Hmm, hast du schon andere deines Servers gefragt obs bei ihnen auch laggt? Haste W-lan? daran könnte es liegen, dass die Verbindung zwar funktioniert, jedoch die stärke der verbindung nicht überzeugend ist? 


			Dieser Inhalt steht nur eingeloggten Mitgliedern zur Verfügung.
        

 schau halt mal bei deiner i-net verbindung am pc nach nach steht ja zb wie die verbindung ist... wäre ein kleiner schritt
Aber punktuell: frag die anderen spieler auf deinem server mal.
Greet
Bang


----------



## OMGlooool (3. April 2009)

hmmm also Ich hab auch manchmal so ein Problem,
 Ich pack dann immer so nen Kühlpack wie für Prellungen auf meinen Wlan empfänger, und dann geht das meistens^^

hoffe ich konnte dir weiterhelfen 


			Dieser Inhalt steht nur eingeloggten Mitgliedern zur Verfügung.
        



und wie first schon sagt: frag mal die andern leute auf deinem realm, kann sein dass euer server n altes wrack is


----------



## Ratzking (3. April 2009)

OMGlooool schrieb:


> Ich pack dann immer so nen Kühlpack wie für Prellungen auf meinen Wlan empfänger, und dann geht das meistens^^



was genau soll das denn bringen ?


----------



## Chupha (3. April 2009)

Ratzking schrieb:


> was genau soll das denn bringen ?



Also hab mal gefragt aber es scheint nur bei mir so zu sein

ka wieso aber langsam nervt es echt


----------



## Mungamau (3. April 2009)

Ich mach es wie folgt:

1. PC neustarten
2. Wenn 1. nicht klappt, nochmal 1. machen
3. Wenn 2. nicht klappen sollte, hol ich ien Messer aus der Küche und bedrohe den PC
4. Wenn 3. nicht klappen sollte, mach ich ihn aus und gehe shoppen, ja, richtig gelesen, ich gehe online shoppen, nachdem ich ihm wieder angemacht habe 


			Dieser Inhalt steht nur eingeloggten Mitgliedern zur Verfügung.
        




Warum macht ihr denn so ein Tumult daraus?
Warum gleich ein neuen Thread eröffnen?
Warum könnt ihr nicht ein paar Stunden/tage warten?
Warum könnt ihr damit nicht umgehen?
Warum genießt ihr nicht Euer RL?
Warum geht ihr nicht aml in den Zoo/Bowlen/etc.?
Warum geht ihr nicht in ne Disco und hockt den ganzen Tag vrm PC?
Warum vermisst ihr dann WoW?
Warum könnt ihr nichtmal 1-2 Tage mal mit WoW aussetzen?
...
...
...
Wer macht weiter?

Habt ihr euch das schonmal gefragt? Wenn nicht, dann bitte ich Euch darum, mal mit den Gedanken auseinander zu setzen. Die "Warum"-Liste hätte ich noch beliebig weiterführen können.

so long


----------



## Kurta (3. April 2009)

hast bestimmt nur i-net probs oder grafik zu hoch gestellt


----------



## Chupha (3. April 2009)

wie gesagt hab bei der anbieterfirma angerufen die sagten alles is im grünen bereich.

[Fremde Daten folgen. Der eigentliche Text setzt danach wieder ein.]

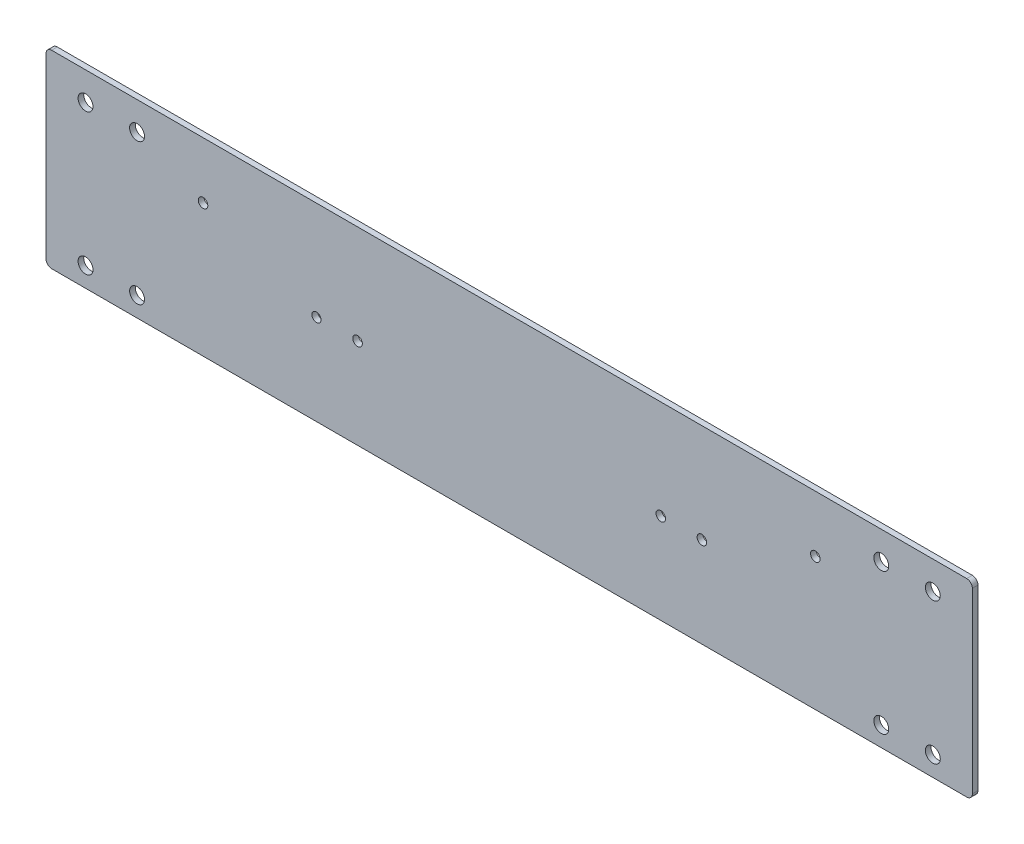
from build123d import *

# Parameters (mm, degrees)
SKETCH1_W           = 1041.4
SKETCH1_H           = 212.725
BOSS_EXTRUDE1_DEPTH = 6.35
SKETCH4_R           = 8.382
CUT_EXTRUDE1_DEPTH  = 532.490163508
SKETCH5_R           = 5.159375
SKETCH5_R_2         = 5.3578125
CUT_EXTRUDE2_DEPTH  = 532.490163508
FILLET1_R           = 6.35


with BuildPart() as part:
    # Sketch1 → Boss-Extrude1 (new body)
    with BuildSketch(Plane.XY):
        Rectangle(SKETCH1_W, SKETCH1_H)
    extrude(amount=BOSS_EXTRUDE1_DEPTH)

    # Sketch4 → Cut-Extrude1 (cut, through all)
    with BuildSketch(Plane.XY.offset(6.35)):
        with Locations((476.25, 74.6125)):
            Circle(SKETCH4_R)
        with Locations((418.310341604, 74.6125)):
            Circle(SKETCH4_R)
        with Locations((-476.25, 74.6125)):
            Circle(SKETCH4_R)
        with Locations((-418.338, 74.6125)):
            Circle(SKETCH4_R)
        with Locations((476.25, -84.1375)):
            Circle(SKETCH4_R)
        with Locations((418.310341686, -84.1375)):
            Circle(SKETCH4_R)
        with Locations((-476.25, -84.1375)):
            Circle(SKETCH4_R)
        with Locations((-418.310341686, -84.1375)):
            Circle(SKETCH4_R)
    extrude(amount=-CUT_EXTRUDE1_DEPTH, mode=Mode.SUBTRACT)

    # Sketch5 → Cut-Extrude2 (cut, through all)
    with BuildSketch(Plane.XY.offset(6.35)):
        with Locations((-216.662, -4.7625)):
            Circle(SKETCH5_R)
        with Locations((-170.434, -4.7625)):
            Circle(SKETCH5_R_2)
        with Locations((170.434, -4.7625)):
            Circle(SKETCH5_R_2)
        with Locations((216.662, -4.7625)):
            Circle(SKETCH5_R_2)
        with Locations((344.17, 42.8625)):
            Circle(SKETCH5_R_2)
        with Locations((-344.17, 42.8625)):
            Circle(SKETCH5_R_2)
    extrude(amount=-CUT_EXTRUDE2_DEPTH, mode=Mode.SUBTRACT)

    # Fillet1
    fillet1_edges = [part.edges().sort_by_distance(p)[0] for p in [
        (-520.7, -106.3625, 3.175),
        (-520.7, 106.3625, 3.175),
        (520.7, 106.3625, 3.175),
        (520.7, -106.3625, 3.175),
    ]]
    fillet(fillet1_edges, radius=FILLET1_R)


solid = part.part

So nun hab ich mal alle Grafikdetails runtergeschraubt aber dennoch laggt es wie die hölle.

Und Mungamau ich habe mein Rl sehr gut im griff.


----------



## Mungamau (3. April 2009)

Chupha schrieb:


> Und Mungamau ich habe mein Rl sehr gut im griff.



Kenn auch viele, die das nicht im Griff haben 


			Dieser Inhalt steht nur eingeloggten Mitgliedern zur Verfügung.
        

  Kann ja nicht hinter die Person schauen, die ich nicht kenne


----------



## ÜberNoob (3. April 2009)

Ich hab auch teilweise lag-probleme, latenz sagt was von 38-50ms, aber der Server reagiert sekundenlang nicht. Ich vermute das Blizzard einfach massiv hardware für die Beta-tests von 3.1 abgezogen hat, und die verbleibende Hardware am Anschlag läuft. war vor Wotl ähnlich


----------



## Chupha (3. April 2009)

ÜberNoob schrieb:


> Ich hab auch teilweise lag-probleme, latenz sagt was von 38-50ms, aber der Server reagiert sekundenlang nicht. Ich vermute das Blizzard einfach massiv hardware für die Beta-tests von 3.1 abgezogen hat, und die verbleibende Hardware am Anschlag läuft. war vor Wotl ähnlich


 
hoffentlich hast du recht denn langsam gehen mir die bücher zum lesen aus^^


----------



## FakeEpix (3. April 2009)

Ob was laggt merke ich kaum noch... mein PC ist zu alt das ich mich über laggs beschweren kann.


----------



## Nexilein (3. April 2009)

Chupha schrieb:


> wie gesagt hab bei der anbieterfirma angerufen die sagten alles is im grünen bereich.
> 
> So nun hab ich mal alle Grafikdetails runtergeschraubt aber dennoch laggt es wie die hölle.
> 
> Und Mungamau ich habe mein Rl sehr gut im griff.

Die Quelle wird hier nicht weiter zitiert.